There are no hard limits on the number of points that can be bridged. The Bridging feature is built directly into the data path of the point change-handling code of the DataHub program, so it is as efficient as a normal point change. CPU load is based on point changes, while the memory load is based on the number of points, plus a small amount for the Bridging configuration itself.
Our testing of the Database Write (logging) feature on MS-SQL and MySQL shows that typically the database server can handle up to about 1,000 transactions per second on a reasonably fast computer. The limiting factor is the speed of the database server. We have tested DataHub software with Times Ten database, which is faster than a typical SQL database. On that, a DataHub instance can send about 10,000 transactions per second. The limiting factor in that case is the speed of the DataHub program.
OPC A&E conditions contain many individual properties. When you select the option to , it will result in multiplying the number of A&E conditions by 50 or more. So, an A&E server with 1000 conditions could multiply to 50,000 data points or more when that option is selected.
The per-point transmission size for DHTP is approximately 60 bytes plus the length of the data point name. The tag name is UTF-8 encoded, so for names that can be represented in the 7-bit ASCII character set, that is 1 byte per character. Where possible the DataHub program combines point transmissions into single TCP/IP packets to reduce TCP header overhead, up to 1 kB in size.
The DataHub program does not transmit all points. It transmits only those that have changed since the previous scan. Consequently, the size of an OPC scan group does not matter. The important calculation is how many points within the scan group change with each scan. You can see the point transmission rate in the DataHub "View Connections" window.
If the data transmission is write-only then there is no acknowledgement back from the server. If the data transmission is read/write then the server will send back an equivalent message for every point change, effectively doubling the bandwidth requirement.
There is some overhead in SSL when the connection is established—typically around 10 kB. Once the connection is established there is about a 2% increase in bandwidth.
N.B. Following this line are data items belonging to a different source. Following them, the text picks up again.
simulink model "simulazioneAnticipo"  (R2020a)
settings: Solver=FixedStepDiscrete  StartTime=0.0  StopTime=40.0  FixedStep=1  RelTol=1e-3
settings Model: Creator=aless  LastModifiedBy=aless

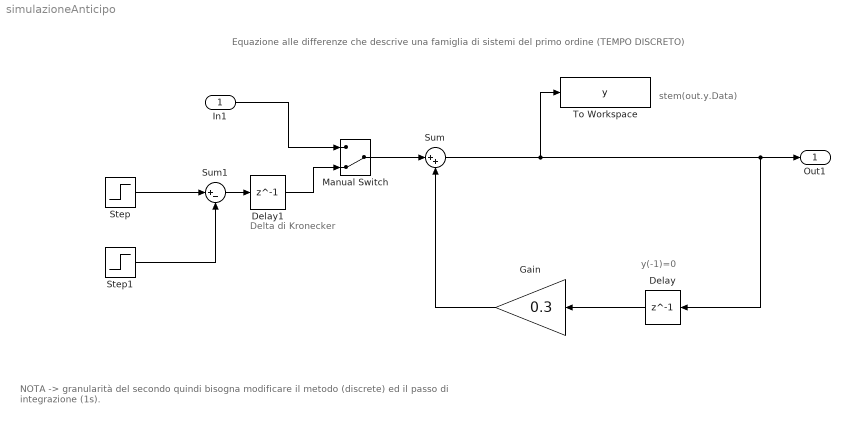
== system simulazioneAnticipo ==
  note: stem(out.y.Data)
  note: y(-1)=0
  note: NOTA -> granularità del secondo quindi bisogna modificare il metodo (discrete) ed il passo di integrazione (1s).
  note: Equazione alle differenze che descrive una famiglia di sistemi del primo ordine (TEMPO DISCRETO)
  note: Delta di Kronecker
  In1 : Inport
  Delay : Delay  DelayLength=1  InitialCondition=0
  Delay1 : Delay  DelayLength=1  InitialCondition=0
  Gain : Gain  Gain=0.3
  Manual Switch : ManualSwitch  CurrentSetting=0
  Step : Step  Time=0  SampleTime=0
  Step1 : Step  SampleTime=0
  Sum : Sum  Inputs=|++
  Sum1 : Sum  Inputs=|+-
  To Workspace : ToWorkspace  VariableName=y  SaveFormat=Timeseries  SampleTime=-1
  Out1 : Outport
  wires:
  Sum/1 -> To Workspace/1, Delay/1, Out1/1
  Gain/1 -> Sum/2
  Delay/1 -> Gain/1
  Manual Switch/1 -> Sum/1
  In1/1 -> Manual Switch/1
  Step/1 -> Sum1/1
  Step1/1 -> Sum1/2
  Sum1/1 -> Delay1/1
  Delay1/1 -> Manual Switch/2
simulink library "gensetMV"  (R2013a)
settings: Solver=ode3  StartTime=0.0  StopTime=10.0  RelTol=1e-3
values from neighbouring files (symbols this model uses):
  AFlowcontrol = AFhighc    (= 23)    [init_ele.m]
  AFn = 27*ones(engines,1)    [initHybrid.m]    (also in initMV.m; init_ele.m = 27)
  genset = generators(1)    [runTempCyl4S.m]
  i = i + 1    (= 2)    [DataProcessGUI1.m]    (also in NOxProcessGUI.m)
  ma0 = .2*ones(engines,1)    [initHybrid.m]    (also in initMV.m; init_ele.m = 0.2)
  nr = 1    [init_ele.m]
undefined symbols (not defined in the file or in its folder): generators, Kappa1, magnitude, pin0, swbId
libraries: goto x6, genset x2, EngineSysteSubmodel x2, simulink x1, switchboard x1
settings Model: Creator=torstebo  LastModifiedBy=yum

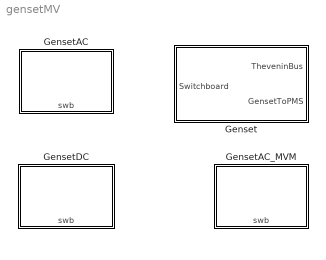
== system gensetMV ==
  Genset : Subsystem
  GensetAC : Subsystem  Tag=GensetAC  mask{genset=generators(6), swbId=3}
      mask prompts: genset "Generator set data"; swbId "SwitchboardId"
      mask Display: image(imread('figs/generator.jpg'),'center')
  GensetAC_MVM : Subsystem  Tag=GensetAC  mask{genset=generators(1), swbId=3}
      mask prompts: genset "Generator set data"; swbId "SwitchboardId"
      mask Display: image(imread('figs/generator.jpg'),'center')
  GensetDC : Subsystem  Tag=GensetDC  mask{genset=generators(1), swbId=1}
      mask prompts: genset "Generator set data"; swbId "SwitchboardId"
      mask Display: image(imread('figs/generator.jpg'),'center')

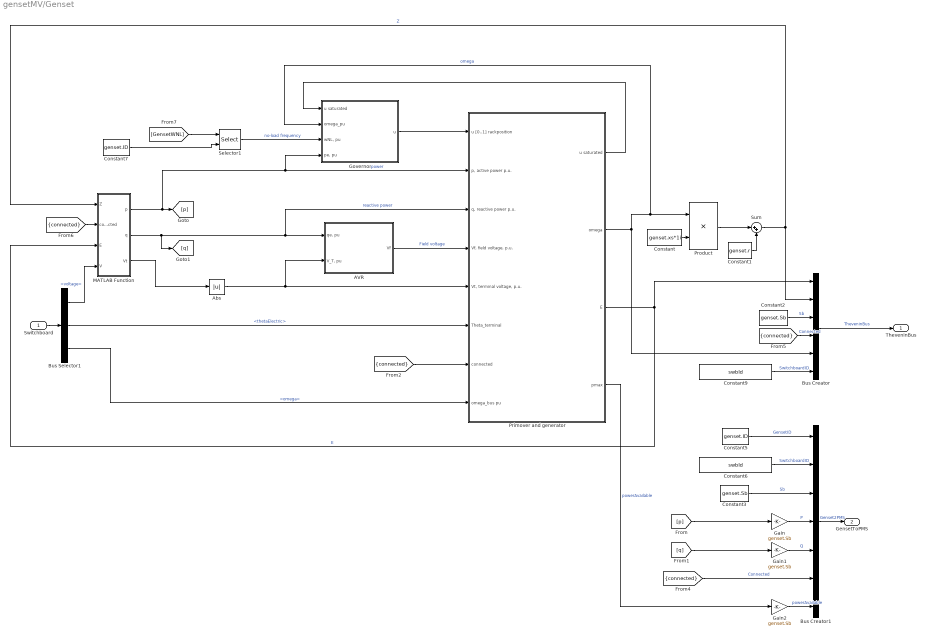
== system gensetMV/Genset ==
  Switchboard : Inport
  AVR : Subsystem
  Abs : Abs
  Bus Creator : BusCreator  Inputs='E','Z','Sb','Connected','omega','SwitchboardID'  OutDataTypeStr=Bus: TheveninBus  NonVirtualBus=on
  Bus Creator1 : BusCreator  Inputs='GensetID','SwitchboardID','Sb','P','Q','Connected','powerAvailable'  OutDataTypeStr=Bus: Genset2PMS  NonVirtualBus=on
  Bus Selector1 : BusSelector  OutputSignals=voltage,thetaElectric,omega
  Constant : Constant  Value=genset.xs*1i
  Constant1 : Constant  Value=genset.r
  Constant2 : Constant  Value=genset.Sb
  Constant3 : Constant  Value=genset.Sb
  Constant5 : Constant  Value=genset.ID  OutDataTypeStr=Inherit: Inherit via back propagation
  Constant6 : Constant  Value=swbId  OutDataTypeStr=Inherit: Inherit via back propagation
  Constant7 : Constant  Value=genset.ID  OutDataTypeStr=Inherit: Inherit via back propagation
  Constant9 : Constant  Value=swbId  OutDataTypeStr=Inherit: Inherit via back propagation
  Gain : Gain  Gain=genset.Sb
  Gain1 : Gain  Gain=genset.Sb
  Gain2 : Gain  Gain=genset.Sb
  Governor : Subsystem
  MATLAB Function : MATLAB Function  TreatAsAtomicUnit=on
  Primover and generator : Subsystem
  Product : Product
  Selector1 : Selector  IndexOptions=Index vector (port)  Indices=[nr]  OutputSizes=1
  Sum : Sum  Inputs=|++
  TheveninBus : Outport
  GensetToPMS : Outport  Port=2
  wires:
  Bus Selector1/2 -> Primover and generator/6(Theta_terminal)  "<thetaElectric>"
  Constant9/1 -> Bus Creator/6  "SwitchboardID"
  Switchboard/1 -> Bus Selector1/1
  Bus Selector1/3 -> Primover and generator/8(omega_bus pu)  "<omega>"
  MATLAB Function/3(Vt) -> Abs/1
  [connected] -> Bus Creator/4  "Connected"
  [connected] -> Bus Creator1/6  "Connected"
  [connected] -> MATLAB Function/2(connected)
  [connected] -> Primover and generator/7(connected)
  Gain2/1 -> Bus Creator1/7  "powerAvailable"
  Bus Selector1/1 -> MATLAB Function/4(V)  "<voltage>"
  Gain1/1 -> Bus Creator1/5  "Q"
  Gain/1 -> Bus Creator1/4  "P"
  Constant6/1 -> Bus Creator1/2  "SwitchboardID"
  Constant5/1 -> Bus Creator1/1  "GensetID"
  Constant3/1 -> Bus Creator1/3  "Sb"
  Selector1/1 -> Governor/3("wNL, pu")  "no-load frequency"
  AVR/1(Vf) -> Primover and generator/4("Vf, field voltage, p.u.")  "Field voltage"
  Primover and generator/1(u saturated) -> Governor/1(u saturated)
  Primover and generator/2(omega) -> Bus Creator/5, Governor/2(omega_pu), Product/1  "omega"
  Primover and generator/3(E) -> MATLAB Function/3(E), Bus Creator/1  "E"
  Governor/1(u) -> Primover and generator/1(u [0..1] rackposition)
  [GensetWNL] -> Selector1/1
  MATLAB Function/1(p) -> Primover and generator/2("p, active power p.u."), Governor/4("pe, pu"), [p]  "power"
  MATLAB Function/2(q) -> Primover and generator/3("q, reactive power p.u."), AVR/1("qe, pu"), [q]  "reactive power"
  Primover and generator/4(pmax) -> Gain2/1  "powerAvailable"
  Abs/1 -> Primover and generator/5("Vt, terminal voltage, p.u."), AVR/2("V_T, pu")
  Constant/1 -> Product/2
  Product/1 -> Sum/1
  Constant1/1 -> Sum/2
  Sum/1 -> MATLAB Function/1(Z), Bus Creator/2  "Z"
  Bus Creator/1 -> TheveninBus/1  "TheveninBus"
  Constant2/1 -> Bus Creator/3  "Sb"
  [q] -> Gain1/1
  [p] -> Gain/1
  Constant7/1 -> Selector1/2
  Bus Creator1/1 -> GensetToPMS/1  "Genset2PMS"

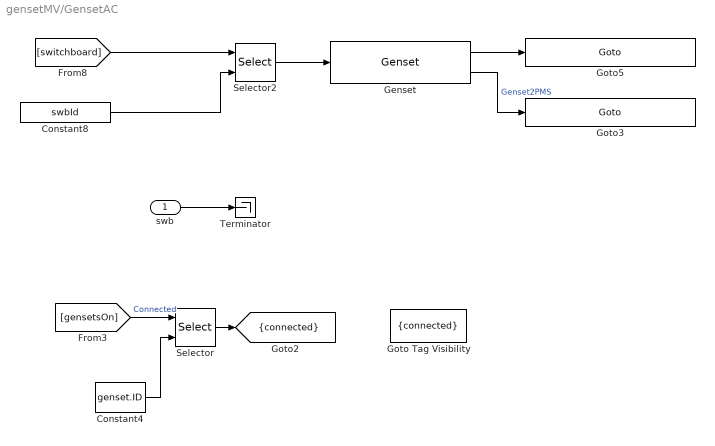
== system gensetMV/GensetAC ==
  swb : Inport
  Constant4 : Constant  Value=genset.ID  OutDataTypeStr=Inherit: Inherit via back propagation
  Constant8 : Constant  Value=swbId  OutDataTypeStr=Inherit: Inherit via back propagation
  Genset : genset/Genset
  Goto Tag Visibility : GotoTagVisibility  GotoTag=connected
  Goto3 : goto/Goto  GotoTag=sprintf('Generatorset%d',genset.ID)
  Goto5 : goto/Goto  GotoTag=sprintf('GeneratorsetElectric%d',genset.ID)
  Selector : Selector  IndexOptions=Index vector (port)  Indices=[nr]  OutputSizes=1
  Selector2 : Selector  IndexOptions=Index vector (port)  Indices=[nr]  OutputSizes=1
  Terminator : Terminator
  tag scope: connected=scoped
  wires:
  Constant8/1 -> Selector2/2
  swb/1 -> Terminator/1
  Selector/1 -> [connected]
  [gensetsOn] -> Selector/1  "Connected"
  [switchboard] -> Selector2/1
  Constant4/1 -> Selector/2
  Selector2/1 -> Genset/1
  Genset/1 -> Goto5/1
  Genset/2 -> Goto3/1  "Genset2PMS"

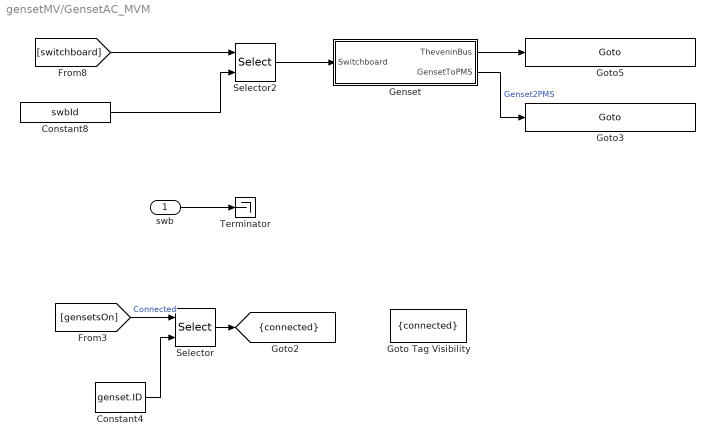
== system gensetMV/GensetAC_MVM ==
  swb : Inport
  Constant4 : Constant  Value=genset.ID  OutDataTypeStr=Inherit: Inherit via back propagation
  Constant8 : Constant  Value=swbId  OutDataTypeStr=Inherit: Inherit via back propagation
  Genset : Subsystem
  Goto Tag Visibility : GotoTagVisibility  GotoTag=connected
  Goto3 : goto/Goto  GotoTag=sprintf('Generatorset%d',genset.ID)
  Goto5 : goto/Goto  GotoTag=sprintf('GeneratorsetElectric%d',genset.ID)
  Selector : Selector  IndexOptions=Index vector (port)  Indices=[nr]  OutputSizes=1
  Selector2 : Selector  IndexOptions=Index vector (port)  Indices=[nr]  OutputSizes=1
  Terminator : Terminator
  tag scope: connected=scoped
  wires:
  Constant8/1 -> Selector2/2
  swb/1 -> Terminator/1
  Selector/1 -> [connected]
  [gensetsOn] -> Selector/1  "Connected"
  [switchboard] -> Selector2/1
  Constant4/1 -> Selector/2
  Selector2/1 -> Genset/1(Switchboard)
  Genset/1(TheveninBus) -> Goto5/1
  Genset/2(GensetToPMS) -> Goto3/1  "Genset2PMS"

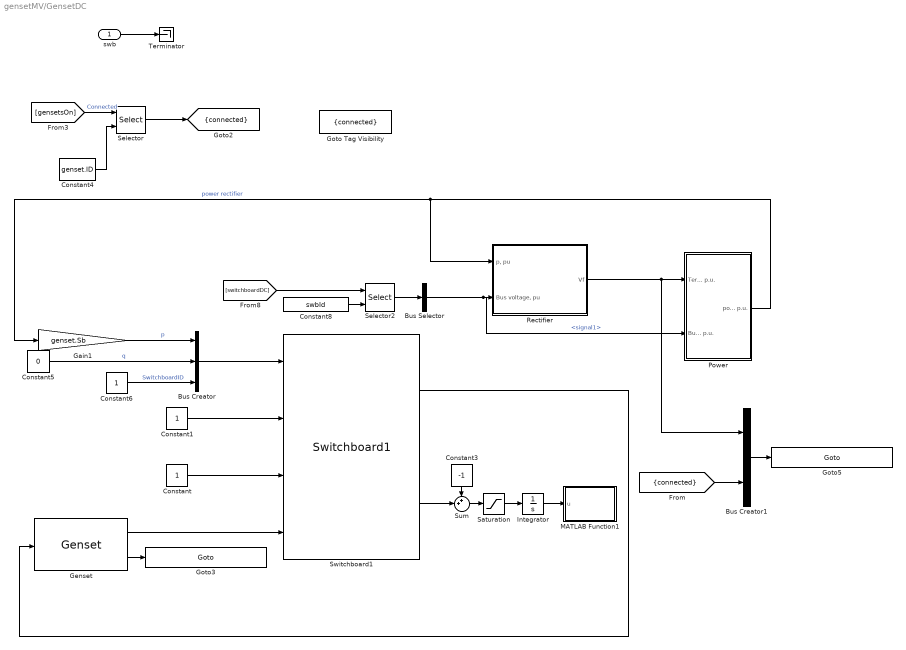
== system gensetMV/GensetDC ==
  swb : Inport
  Bus Creator : BusCreator  Inputs=3  OutDataTypeStr=Bus: powerLoadsBus
  Bus Creator1 : BusCreator  Inputs=2
  Bus Selector : BusSelector  OutputSignals=signal1
  Constant : Constant
  Constant1 : Constant
  Constant3 : Constant  Value=-1
  Constant4 : Constant  Value=genset.ID  OutDataTypeStr=Inherit: Inherit via back propagation
  Constant5 : Constant  Value=0
  Constant6 : Constant
  Constant8 : Constant  Value=swbId  OutDataTypeStr=Inherit: Inherit via back propagation
  Gain1 : Gain  Gain=genset.Sb
  Genset : genset/Genset
  Goto Tag Visibility : GotoTagVisibility  GotoTag=connected
  Goto3 : goto/Goto  GotoTag=sprintf('GeneratorsetDC%d',genset.ID)
  Goto5 : goto/Goto  GotoTag=sprintf('GeneratorsetElectricDC%d',genset.ID)
  Integrator : Integrator
  MATLAB Function1 : MATLAB Function  TreatAsAtomicUnit=on
  Power : Subsystem
  Rectifier : Subsystem
  Saturation : Saturate  UpperLimit=0  LowerLimit=-1
  Selector : Selector  IndexOptions=Index vector (port)  Indices=[nr]  OutputSizes=1
  Selector2 : Selector  IndexOptions=Index vector (port)  Indices=[nr]  OutputSizes=1
  Sum : Sum  Inputs=++|
  Switchboard1 : switchboard/Switchboard1
  Terminator : Terminator
  tag scope: connected=scoped
  wires:
  Constant8/1 -> Selector2/2
  swb/1 -> Terminator/1
  Selector/1 -> [connected]
  [gensetsOn] -> Selector/1  "Connected"
  [switchboardDC] -> Selector2/1
  Constant4/1 -> Selector/2
  Selector2/1 -> Bus Selector/1
  Rectifier/1(Vf) -> Bus Creator1/1, Power/1(Terminal Voltage p.u.)
  Power/1(power p.u.) -> Rectifier/1("p, pu"), Gain1/1  "power rectifier"
  Bus Selector/1 -> Power/2(Bus Voltage p.u.), Rectifier/2("Bus voltage, pu")  "<signal1>"
  Gain1/1 -> Bus Creator/1  "p"
  Bus Creator/1 -> Switchboard1/1
  Constant3/1 -> Sum/1
  Constant5/1 -> Bus Creator/2  "q"
  Integrator/1 -> MATLAB Function1/1(u)
  Genset/1 -> Switchboard1/4
  Constant/1 -> Switchboard1/3
  Sum/1 -> Saturation/1
  Saturation/1 -> Integrator/1
  Switchboard1/1 -> Genset/1
  Constant6/1 -> Bus Creator/3  "SwitchboardID"
  Switchboard1/2 -> Sum/2
  Constant1/1 -> Switchboard1/2
  Bus Creator1/1 -> Goto5/1
  [connected] -> Bus Creator1/2
  Genset/2 -> Goto3/1

== system gensetMV/Genset/AVR ==
  "qe, pu" : Inport
  "V_T, pu" : Inport  Port=2
  Constant : Constant
  Constant7 : Constant  Value=genset.ID  OutDataTypeStr=Inherit: Inherit via back propagation
  Gain : Gain  Gain=genset.avr.droop
  Low pass filter : Subsystem
  PI controller : Subsystem
  Product : Product  RndMeth=Zero
  Selector1 : Selector  IndexOptions=Index vector (port)  Indices=[nr]  OutputSizes=1
  Sum1 : Sum  Inputs=|+-
  Sum3 : Sum  Inputs=|+-
  Vf : Outport
  wires:
  Selector1/1 -> Product/1  "no-load frequency"
  [GensetVNL] -> Selector1/1
  Constant7/1 -> Selector1/2
  PI controller/1(vf) -> Low pass filter/1(V)
  Sum1/1 -> PI controller/1(e)
  "qe, pu"/1 -> Gain/1
  "V_T, pu"/1 -> Sum1/2
  Constant/1 -> Sum3/1
  Gain/1 -> Sum3/2
  Sum3/1 -> Product/2
  Product/1 -> Sum1/1
  Low pass filter/1(Vold) -> Vf/1

== system gensetMV/Genset/Governor ==
  u saturated : Inport
  omega_pu : Inport  Port=2
  "wNL, pu" : Inport  Port=3
  "pe, pu" : Inport  Port=4
  Constant : Constant
  Gain : Gain  Gain=genset.governor.droop
  PID controller : Subsystem
  Product : Product  RndMeth=Zero
  Sum : Sum  Inputs=|+-
  Sum1 : Sum  Inputs=|+-
  u : Outport
  wires:
  PID controller/1(u) -> u/1  "u"
  Gain/1 -> Sum1/2
  Sum/1 -> PID controller/1(e)
  Product/1 -> Sum/1
  "wNL, pu"/1 -> Product/1
  Constant/1 -> Sum1/1
  Sum1/1 -> Product/2
  u saturated/1 -> PID controller/3(u saturated)
  "pe, pu"/1 -> Gain/1
  omega_pu/1 -> Sum/2, PID controller/2(omega_pu)

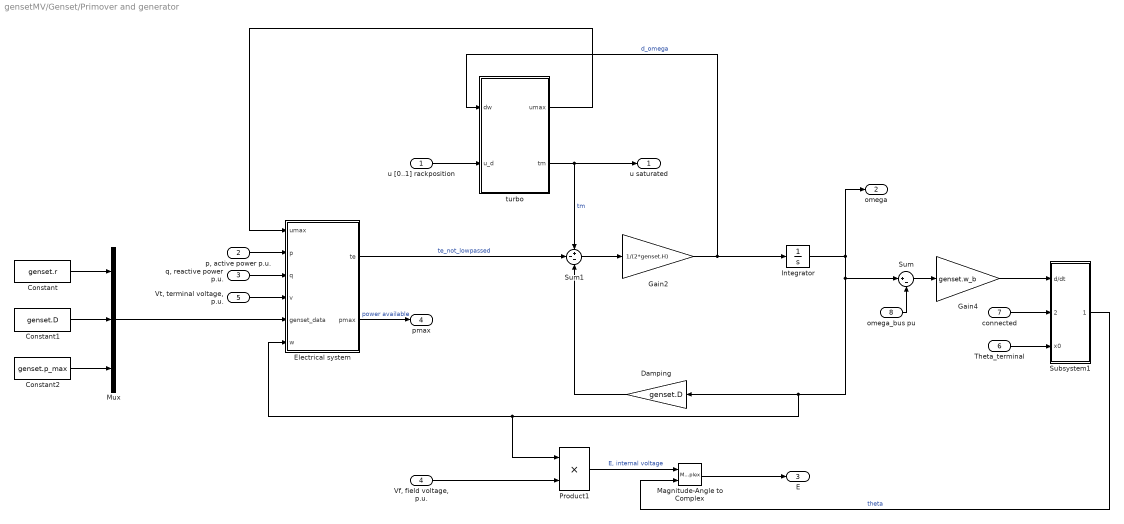
== system gensetMV/Genset/Primover and generator ==
  u [0..1] rackposition : Inport
  "p, active power p.u." : Inport  Port=2
  "q, reactive power p.u." : Inport  Port=3
  "Vf, field voltage, p.u." : Inport  Port=4
  "Vt, terminal voltage, p.u." : Inport  Port=5
  Theta_terminal : Inport  Port=6
  connected : Inport  Port=7
  omega_bus pu : Inport  Port=8
  Constant : Constant  Value=genset.r
  Constant1 : Constant  Value=genset.D
  Constant2 : Constant  Value=genset.p_max
  Damping : Gain  Gain=genset.D
  Electrical system : MATLAB Function  TreatAsAtomicUnit=on
  Gain2 : Gain  Gain=1/(2*genset.H)
  Gain4 : Gain  Gain=genset.w_b
  Integrator : Integrator  InitialCondition=genset.omega0
  Magnitude-Angle to Complex : MagnitudeAngleToComplex
  Mux : Mux  Inputs=3
  Product1 : Product  Inputs=**  RndMeth=Zero
  Subsystem1 : Subsystem
  Sum : Sum  Inputs=|+-
  Sum1 : Sum  Inputs=+--
  turbo : Subsystem
  u saturated : Outport
  omega : Outport  Port=2
  E : Outport  Port=3
  pmax : Outport  Port=4
  wires:
  omega_bus pu/1 -> Sum/2
  Sum/1 -> Gain4/1
  u [0..1] rackposition/1 -> turbo/2(u_d)
  turbo/2(tm) -> u saturated/1, Sum1/1  "tm"
  Product1/1 -> Magnitude-Angle to Complex/1  "E, internal voltage"
  Subsystem1/1(Out1) -> Magnitude-Angle to Complex/2  "theta"
  Gain4/1 -> Subsystem1/1(d/dt)
  Sum1/1 -> Gain2/1
  Gain2/1 -> turbo/1(dw), Integrator/1  "d_omega"
  "Vf, field voltage, p.u."/1 -> Product1/2
  "p, active power p.u."/1 -> Electrical system/2(p)
  Electrical system/1(te) -> Sum1/2  "te_not_lowpassed"
  "Vt, terminal voltage, p.u."/1 -> Electrical system/4(v)
  "q, reactive power p.u."/1 -> Electrical system/3(q)
  Damping/1 -> Sum1/3
  connected/1 -> Subsystem1/2(reset)
  Integrator/1 -> Sum/1, Damping/1, Product1/1, Electrical system/6(w), omega/1
  Theta_terminal/1 -> Subsystem1/3(x0)
  turbo/1(umax) -> Electrical system/1(umax)
  Electrical system/2(pmax) -> pmax/1  "power available"
  Magnitude-Angle to Complex/1 -> E/1
  Constant/1 -> Mux/1
  Constant1/1 -> Mux/2
  Constant2/1 -> Mux/3
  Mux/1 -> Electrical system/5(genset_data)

The biggest overhead is when establishing the connection, not during data transmission.
Tunneling takes advantage of the TCP/IP buffer to smooth changes in network speed. The buffer is set to 8 kB, which roughly translates into about 100 data point messages. If this buffer fills, you will see that manifest in the DataHub Connection Viewer as an increment to the "Blocked" counter for the connection. If a data point value changes while the connection is blocked, the oldest value for that point is dropped, and the Dropped counter in the connection viewer will increment. If the Dropped counter remains at zero then all data point changes are successfully being transmitted through the tunnel. If the Blocked counter is increasing then the average data rate is faster than the network can handle.
There are no hard limits in the MQTT Broker on the number of connections or topics. The message size limit follows the MQTT specification, which is 256 MB. For values that will be stored in a DataHub instance, that maximum is 128 MB. Large messages will result in large RAM use, as each message is stored a minimum of twice (once in the DataHub engine and once in the MQTT Broker), and will be copied during transmission, possibly resulting temporarily in several more copies.